From the research that has been carried out here, based on the findings, it is pretty clear that although most students in the research study area tend to think that whenever the rate of crime is high, then more police officers are deployed in the institution and that whenever there is high enrollment, then consequently the rate of crime increases, the results prove otherwise. Both variables are independent of the number of crimes. 

References  

Beri, G. C. (2013).  Marketing research . New Delhi: Tata McGraw-Hill. 

Coolidge, F. L., & Coolidge, F. L. (2012).  Statistics: A Gentle Introduction: A Gentle Introduction . Thousand Oaks, CA: SAGE. 

Darlington, R. B., & Hayes, A. F. (2017).  Regression analysis and linear models: Concepts, applications, and implementation . New York, NY: The Guilford Press. 
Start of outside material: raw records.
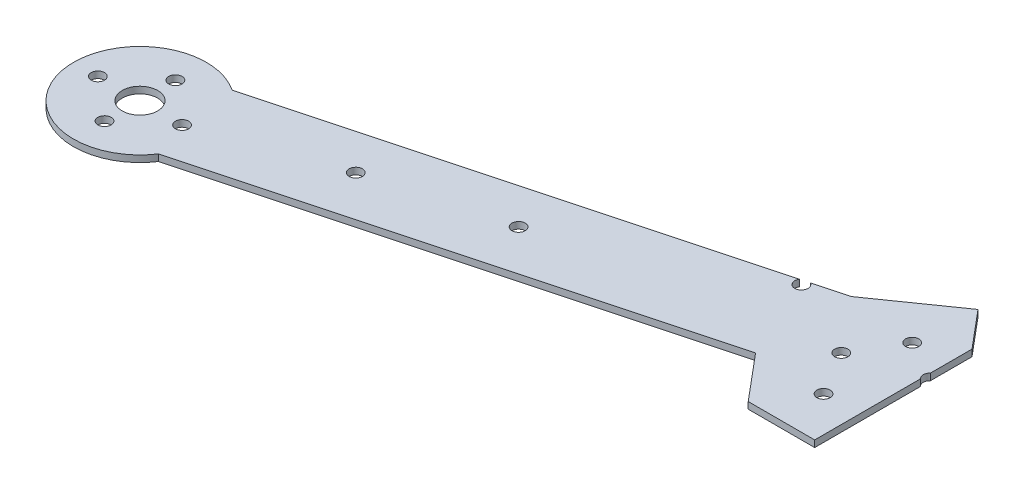
ISO-10303-21;
HEADER;
FILE_DESCRIPTION(('STEP AP214'),'2;1');
FILE_NAME('part.step','',(''),(''),'','','');
FILE_SCHEMA(('AUTOMOTIVE_DESIGN { 1 0 10303 214 1 1 1 1 }'));
ENDSEC;
DATA;
#1=APPLICATION_CONTEXT('core data for automotive mechanical design processes');
#2=APPLICATION_PROTOCOL_DEFINITION('international standard','automotive_design',2000,#1);
#3=PRODUCT_CONTEXT('',#1,'mechanical');
#4=PRODUCT('Part','Part','',(#3));
#5=PRODUCT_RELATED_PRODUCT_CATEGORY('part','',(#4));
#6=PRODUCT_DEFINITION_FORMATION('','',#4);
#7=PRODUCT_DEFINITION_CONTEXT('part definition',#1,'design');
#8=PRODUCT_DEFINITION('design','',#6,#7);
#9=PRODUCT_DEFINITION_SHAPE('','',#8);
#10=(LENGTH_UNIT() NAMED_UNIT(*) SI_UNIT(.MILLI.,.METRE.));
#11=(NAMED_UNIT(*) PLANE_ANGLE_UNIT() SI_UNIT($,.RADIAN.));
#12=(NAMED_UNIT(*) SI_UNIT($,.STERADIAN.) SOLID_ANGLE_UNIT());
#13=UNCERTAINTY_MEASURE_WITH_UNIT(LENGTH_MEASURE(1.E-05),#10,'distance_accuracy_value','');
#14=(GEOMETRIC_REPRESENTATION_CONTEXT(3) GLOBAL_UNCERTAINTY_ASSIGNED_CONTEXT((#13)) GLOBAL_UNIT_ASSIGNED_CONTEXT((#10,
#11,#12)) REPRESENTATION_CONTEXT('',''));
#15=CARTESIAN_POINT('',(0.,0.,0.));
#16=DIRECTION('',(0.,0.,1.));
#17=DIRECTION('',(1.,0.,0.));
#18=AXIS2_PLACEMENT_3D('',#15,#16,#17);
#19=CARTESIAN_POINT('',(8.04869789920337,1.5,30.0437649531862));
#20=DIRECTION('',(0.258773909128812,0.,0.965937919306512));
#21=DIRECTION('',(0.965937919306512,0.,-0.258773909128812));
#22=AXIS2_PLACEMENT_3D('',#19,#20,#21);
#23=PLANE('',#22);
#24=DIRECTION('',(-0.965937919306512,0.,0.258773909128812));
#25=VECTOR('',#24,1.);
#26=CARTESIAN_POINT('',(8.04869789920337,0.,30.0437649531862));
#27=LINE('',#26,#25);
#28=CARTESIAN_POINT('',(-23.8632806144762,0.,38.5929556029831));
#29=VERTEX_POINT('',#28);
#30=CARTESIAN_POINT('',(-31.1943125351646,0.,40.5569325316729));
#31=VERTEX_POINT('',#30);
#32=EDGE_CURVE('E215',#29,#31,#27,.T.);
#33=ORIENTED_EDGE('',*,*,#32,.T.);
#34=DIRECTION('',(0.,1.,0.));
#35=VECTOR('',#34,1.);
#36=CARTESIAN_POINT('',(-31.1943125351646,-4.24264068711929,40.5569325316729));
#37=LINE('',#36,#35);
#38=CARTESIAN_POINT('',(-31.1943125351646,1.5,40.5569325316729));
#39=VERTEX_POINT('',#38);
#40=EDGE_CURVE('E59',#31,#39,#37,.T.);
#41=ORIENTED_EDGE('',*,*,#40,.T.);
#42=DIRECTION('',(-0.965937919306512,0.,0.258773909128812));
#43=VECTOR('',#42,1.);
#44=CARTESIAN_POINT('',(8.04869789920337,1.5,30.0437649531862));
#45=LINE('',#44,#43);
#46=CARTESIAN_POINT('',(-23.8632806144762,1.5,38.5929556029831));
#47=VERTEX_POINT('',#46);
#48=EDGE_CURVE('E310',#47,#39,#45,.T.);
#49=ORIENTED_EDGE('',*,*,#48,.F.);
#50=DIRECTION('',(0.,-1.,0.));
#51=VECTOR('',#50,1.);
#52=CARTESIAN_POINT('',(-23.8632806144762,1.5,38.5929556029831));
#53=LINE('',#52,#51);
#54=EDGE_CURVE('E266',#47,#29,#53,.T.);
#55=ORIENTED_EDGE('',*,*,#54,.T.);
#56=EDGE_LOOP('',(#33,#41,#49,#55));
#57=FACE_BOUND('',#56,.T.);
#58=ADVANCED_FACE('F43',(#57),#23,.F.);
#59=CARTESIAN_POINT('',(0.999999999999998,1.5,45.7611275320955));
#60=DIRECTION('',(0.,-1.,0.));
#61=DIRECTION('',(0.,0.,-1.));
#62=AXIS2_PLACEMENT_3D('',#59,#60,#61);
#63=CYLINDRICAL_SURFACE('',#62,1.5);
#64=CARTESIAN_POINT('',(0.999999999999998,0.,45.7611275320955));
#65=DIRECTION('',(0.,1.,0.));
#66=DIRECTION('',(0.,0.,1.));
#67=AXIS2_PLACEMENT_3D('',#64,#65,#66);
#68=CIRCLE('',#67,1.5);
#69=CARTESIAN_POINT('',(0.,0.,44.6430935433456));
#70=VERTEX_POINT('',#69);
#71=CARTESIAN_POINT('',(0.,0.,46.8791615208454));
#72=VERTEX_POINT('',#71);
#73=EDGE_CURVE('E199',#70,#72,#68,.T.);
#74=ORIENTED_EDGE('',*,*,#73,.F.);
#75=DIRECTION('',(0.,-1.,0.));
#76=VECTOR('',#75,1.);
#77=CARTESIAN_POINT('',(0.,1.5,44.6430935433456));
#78=LINE('',#77,#76);
#79=CARTESIAN_POINT('',(0.,1.5,44.6430935433456));
#80=VERTEX_POINT('',#79);
#81=EDGE_CURVE('E52',#80,#70,#78,.T.);
#82=ORIENTED_EDGE('',*,*,#81,.F.);
#83=CARTESIAN_POINT('',(0.999999999999998,1.5,45.7611275320955));
#84=DIRECTION('',(0.,1.,0.));
#85=DIRECTION('',(0.,0.,1.));
#86=AXIS2_PLACEMENT_3D('',#83,#84,#85);
#87=CIRCLE('',#86,1.5);
#88=CARTESIAN_POINT('',(0.,1.5,46.8791615208454));
#89=VERTEX_POINT('',#88);
#90=EDGE_CURVE('E299',#80,#89,#87,.T.);
#91=ORIENTED_EDGE('',*,*,#90,.T.);
#92=DIRECTION('',(0.,-1.,0.));
#93=VECTOR('',#92,1.);
#94=CARTESIAN_POINT('',(0.,1.5,46.8791615208454));
#95=LINE('',#94,#93);
#96=EDGE_CURVE('E67',#89,#72,#95,.T.);
#97=ORIENTED_EDGE('',*,*,#96,.T.);
#98=EDGE_LOOP('',(#74,#82,#91,#97));
#99=FACE_BOUND('',#98,.T.);
#100=ADVANCED_FACE('F283',(#99),#63,.F.);
#101=CARTESIAN_POINT('',(0.,1.5,0.));
#102=DIRECTION('',(1.,0.,0.));
#103=DIRECTION('',(0.,0.,-1.));
#104=AXIS2_PLACEMENT_3D('',#101,#102,#103);
#105=PLANE('',#104);
#106=DIRECTION('',(0.,0.,1.));
#107=VECTOR('',#106,1.);
#108=CARTESIAN_POINT('',(0.,0.,0.));
#109=LINE('',#108,#107);
#110=CARTESIAN_POINT('',(0.,0.,35.2611275320955));
#111=VERTEX_POINT('',#110);
#112=EDGE_CURVE('E202',#111,#70,#109,.T.);
#113=ORIENTED_EDGE('',*,*,#112,.F.);
#114=DIRECTION('',(0.,-1.,0.));
#115=VECTOR('',#114,1.);
#116=CARTESIAN_POINT('',(0.,1.5,35.2611275320955));
#117=LINE('',#116,#115);
#118=CARTESIAN_POINT('',(0.,1.5,35.2611275320955));
#119=VERTEX_POINT('',#118);
#120=EDGE_CURVE('E274',#119,#111,#117,.T.);
#121=ORIENTED_EDGE('',*,*,#120,.F.);
#122=DIRECTION('',(0.,0.,1.));
#123=VECTOR('',#122,1.);
#124=CARTESIAN_POINT('',(0.,1.5,0.));
#125=LINE('',#124,#123);
#126=EDGE_CURVE('E282',#119,#80,#125,.T.);
#127=ORIENTED_EDGE('',*,*,#126,.T.);
#128=ORIENTED_EDGE('',*,*,#81,.T.);
#129=EDGE_LOOP('',(#113,#121,#127,#128));
#130=FACE_BOUND('',#129,.T.);
#131=ADVANCED_FACE('F280',(#130),#105,.T.);
#132=CARTESIAN_POINT('',(-17.3627158867799,1.5,14.5690484968327));
#133=DIRECTION('',(-0.766044443118982,0.,0.642787609686535));
#134=DIRECTION('',(0.642787609686535,0.,0.766044443118982));
#135=AXIS2_PLACEMENT_3D('',#132,#133,#134);
#136=PLANE('',#135);
#137=DIRECTION('',(-0.642787609686535,0.,-0.766044443118982));
#138=VECTOR('',#137,1.);
#139=CARTESIAN_POINT('',(-17.3627158867799,0.,14.5690484968327));
#140=LINE('',#139,#138);
#141=CARTESIAN_POINT('',(-7.07066370655188,0.,26.8346386577867));
#142=VERTEX_POINT('',#141);
#143=EDGE_CURVE('E206',#111,#142,#140,.T.);
#144=ORIENTED_EDGE('',*,*,#143,.T.);
#145=DIRECTION('',(0.,-1.,0.));
#146=VECTOR('',#145,1.);
#147=CARTESIAN_POINT('',(-7.07066370655188,1.5,26.8346386577867));
#148=LINE('',#147,#146);
#149=CARTESIAN_POINT('',(-7.07066370655188,1.5,26.8346386577867));
#150=VERTEX_POINT('',#149);
#151=EDGE_CURVE('E270',#150,#142,#148,.T.);
#152=ORIENTED_EDGE('',*,*,#151,.F.);
#153=DIRECTION('',(-0.642787609686535,0.,-0.766044443118982));
#154=VECTOR('',#153,1.);
#155=CARTESIAN_POINT('',(-17.3627158867799,1.5,14.5690484968327));
#156=LINE('',#155,#154);
#157=EDGE_CURVE('E294',#119,#150,#156,.T.);
#158=ORIENTED_EDGE('',*,*,#157,.F.);
#159=ORIENTED_EDGE('',*,*,#120,.T.);
#160=EDGE_LOOP('',(#144,#152,#158,#159));
#161=FACE_BOUND('',#160,.T.);
#162=ADVANCED_FACE('F291',(#161),#136,.F.);
#163=CARTESIAN_POINT('',(10.2819788179745,1.5,14.684187554255));
#164=DIRECTION('',(0.573576436351045,0.,0.819152044288993));
#165=DIRECTION('',(0.819152044288993,0.,-0.573576436351045));
#166=AXIS2_PLACEMENT_3D('',#163,#164,#165);
#167=PLANE('',#166);
#168=DIRECTION('',(-0.819152044288993,0.,0.573576436351045));
#169=VECTOR('',#168,1.);
#170=CARTESIAN_POINT('',(10.2819788179745,0.,14.684187554255));
#171=LINE('',#170,#169);
#172=EDGE_CURVE('E210',#142,#29,#171,.T.);
#173=ORIENTED_EDGE('',*,*,#172,.T.);
#174=ORIENTED_EDGE('',*,*,#54,.F.);
#175=DIRECTION('',(-0.819152044288993,0.,0.573576436351045));
#176=VECTOR('',#175,1.);
#177=CARTESIAN_POINT('',(10.2819788179745,1.5,14.684187554255));
#178=LINE('',#177,#176);
#179=EDGE_CURVE('E297',#150,#47,#178,.T.);
#180=ORIENTED_EDGE('',*,*,#179,.F.);
#181=ORIENTED_EDGE('',*,*,#151,.T.);
#182=EDGE_LOOP('',(#173,#174,#180,#181));
#183=FACE_BOUND('',#182,.T.);
#184=ADVANCED_FACE('F350',(#183),#167,.F.);
#185=CARTESIAN_POINT('',(-33.1085220639019,1.5,41.0697475612336));
#186=VERTEX_POINT('',#185);
#187=CARTESIAN_POINT('',(-134.097880355283,1.5,68.1247067911532));
#188=VERTEX_POINT('',#187);
#189=EDGE_CURVE('E309',#186,#188,#45,.T.);
#190=ORIENTED_EDGE('',*,*,#189,.F.);
#191=DIRECTION('',(0.,1.,0.));
#192=VECTOR('',#191,1.);
#193=CARTESIAN_POINT('',(-33.1085220639019,-4.24264068711929,41.0697475612336));
#194=LINE('',#193,#192);
#195=CARTESIAN_POINT('',(-33.1085220639019,0.,41.0697475612336));
#196=VERTEX_POINT('',#195);
#197=EDGE_CURVE('E363',#186,#196,#194,.F.);
#198=ORIENTED_EDGE('',*,*,#197,.T.);
#199=CARTESIAN_POINT('',(-134.097880355283,0.,68.1247067911532));
#200=VERTEX_POINT('',#199);
#201=EDGE_CURVE('E214',#196,#200,#27,.T.);
#202=ORIENTED_EDGE('',*,*,#201,.T.);
#203=DIRECTION('',(0.,-1.,0.));
#204=VECTOR('',#203,1.);
#205=CARTESIAN_POINT('',(-134.097880355283,1.5,68.1247067911532));
#206=LINE('',#205,#204);
#207=EDGE_CURVE('E262',#188,#200,#206,.T.);
#208=ORIENTED_EDGE('',*,*,#207,.F.);
#209=EDGE_LOOP('',(#190,#198,#202,#208));
#210=FACE_BOUND('',#209,.T.);
#211=ADVANCED_FACE('F341',(#210),#23,.F.);
#212=CARTESIAN_POINT('',(-142.429473622566,1.5,80.5980605353781));
#213=DIRECTION('',(0.,-1.,0.));
#214=DIRECTION('',(0.,0.,-1.));
#215=AXIS2_PLACEMENT_3D('',#212,#213,#214);
#216=CYLINDRICAL_SURFACE('',#215,15.);
#217=CARTESIAN_POINT('',(-142.429473622566,0.,80.5980605353781));
#218=DIRECTION('',(0.,1.,0.));
#219=DIRECTION('',(0.,0.,1.));
#220=AXIS2_PLACEMENT_3D('',#217,#218,#219);
#221=CIRCLE('',#220,15.);
#222=CARTESIAN_POINT('',(-129.929473622566,0.,88.8896225112666));
#223=VERTEX_POINT('',#222);
#224=EDGE_CURVE('E219',#200,#223,#221,.T.);
#225=ORIENTED_EDGE('',*,*,#224,.T.);
#226=DIRECTION('',(0.,-1.,0.));
#227=VECTOR('',#226,1.);
#228=CARTESIAN_POINT('',(-129.929473622566,1.5,88.8896225112666));
#229=LINE('',#228,#227);
#230=CARTESIAN_POINT('',(-129.929473622566,1.5,88.8896225112666));
#231=VERTEX_POINT('',#230);
#232=EDGE_CURVE('E259',#231,#223,#229,.T.);
#233=ORIENTED_EDGE('',*,*,#232,.F.);
#234=CARTESIAN_POINT('',(-142.429473622566,1.5,80.5980605353781));
#235=DIRECTION('',(0.,1.,0.));
#236=DIRECTION('',(0.,0.,1.));
#237=AXIS2_PLACEMENT_3D('',#234,#235,#236);
#238=CIRCLE('',#237,15.);
#239=EDGE_CURVE('E314',#188,#231,#238,.T.);
#240=ORIENTED_EDGE('',*,*,#239,.F.);
#241=ORIENTED_EDGE('',*,*,#207,.T.);
#242=EDGE_LOOP('',(#225,#233,#240,#241));
#243=FACE_BOUND('',#242,.T.);
#244=ADVANCED_FACE('F349',(#243),#216,.T.);
#245=CARTESIAN_POINT('',(13.5187812452748,1.5,50.4527784637748));
#246=DIRECTION('',(0.258819045102521,0.,0.965925826289068));
#247=DIRECTION('',(0.965925826289068,0.,-0.258819045102521));
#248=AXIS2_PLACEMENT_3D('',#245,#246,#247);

Ghilani, C. D., & Wolf, P. R. (2010).  Adjustment Computations: Spatial data analysis. Hoboken, NJ: Wiley. 

Goos, P., & Meintrup, D. (2016).  Statistics with JMP: Hypothesis tests, ANOVA, and regression . Chichester, West Sussex: John Wiley & Sons. 

Jackson, S. L. (2016).  Research methods and statistics: A critical thinking approach (5th ed.). Boston, MA: Cengage Learning. 

Moy, R. L., Chen, L.S., & Kao, L. J. (2015).  Study guide for statistics for business and financial economics: A supplement to the textbook by Cheng-Few Lee, John C. Lee and Alice C. Lee . 

Sharma, J. (2012).  Business Statistics . Pearson Education India 

Smith, G. (2011).  Essential Statistics, Regression, and Econometrics . Cambridge, MA: Academic Press. 

Wilcox, R. R. (2012).  Introduction to Robust Estimation and Hypothesis Testing . Academic Press.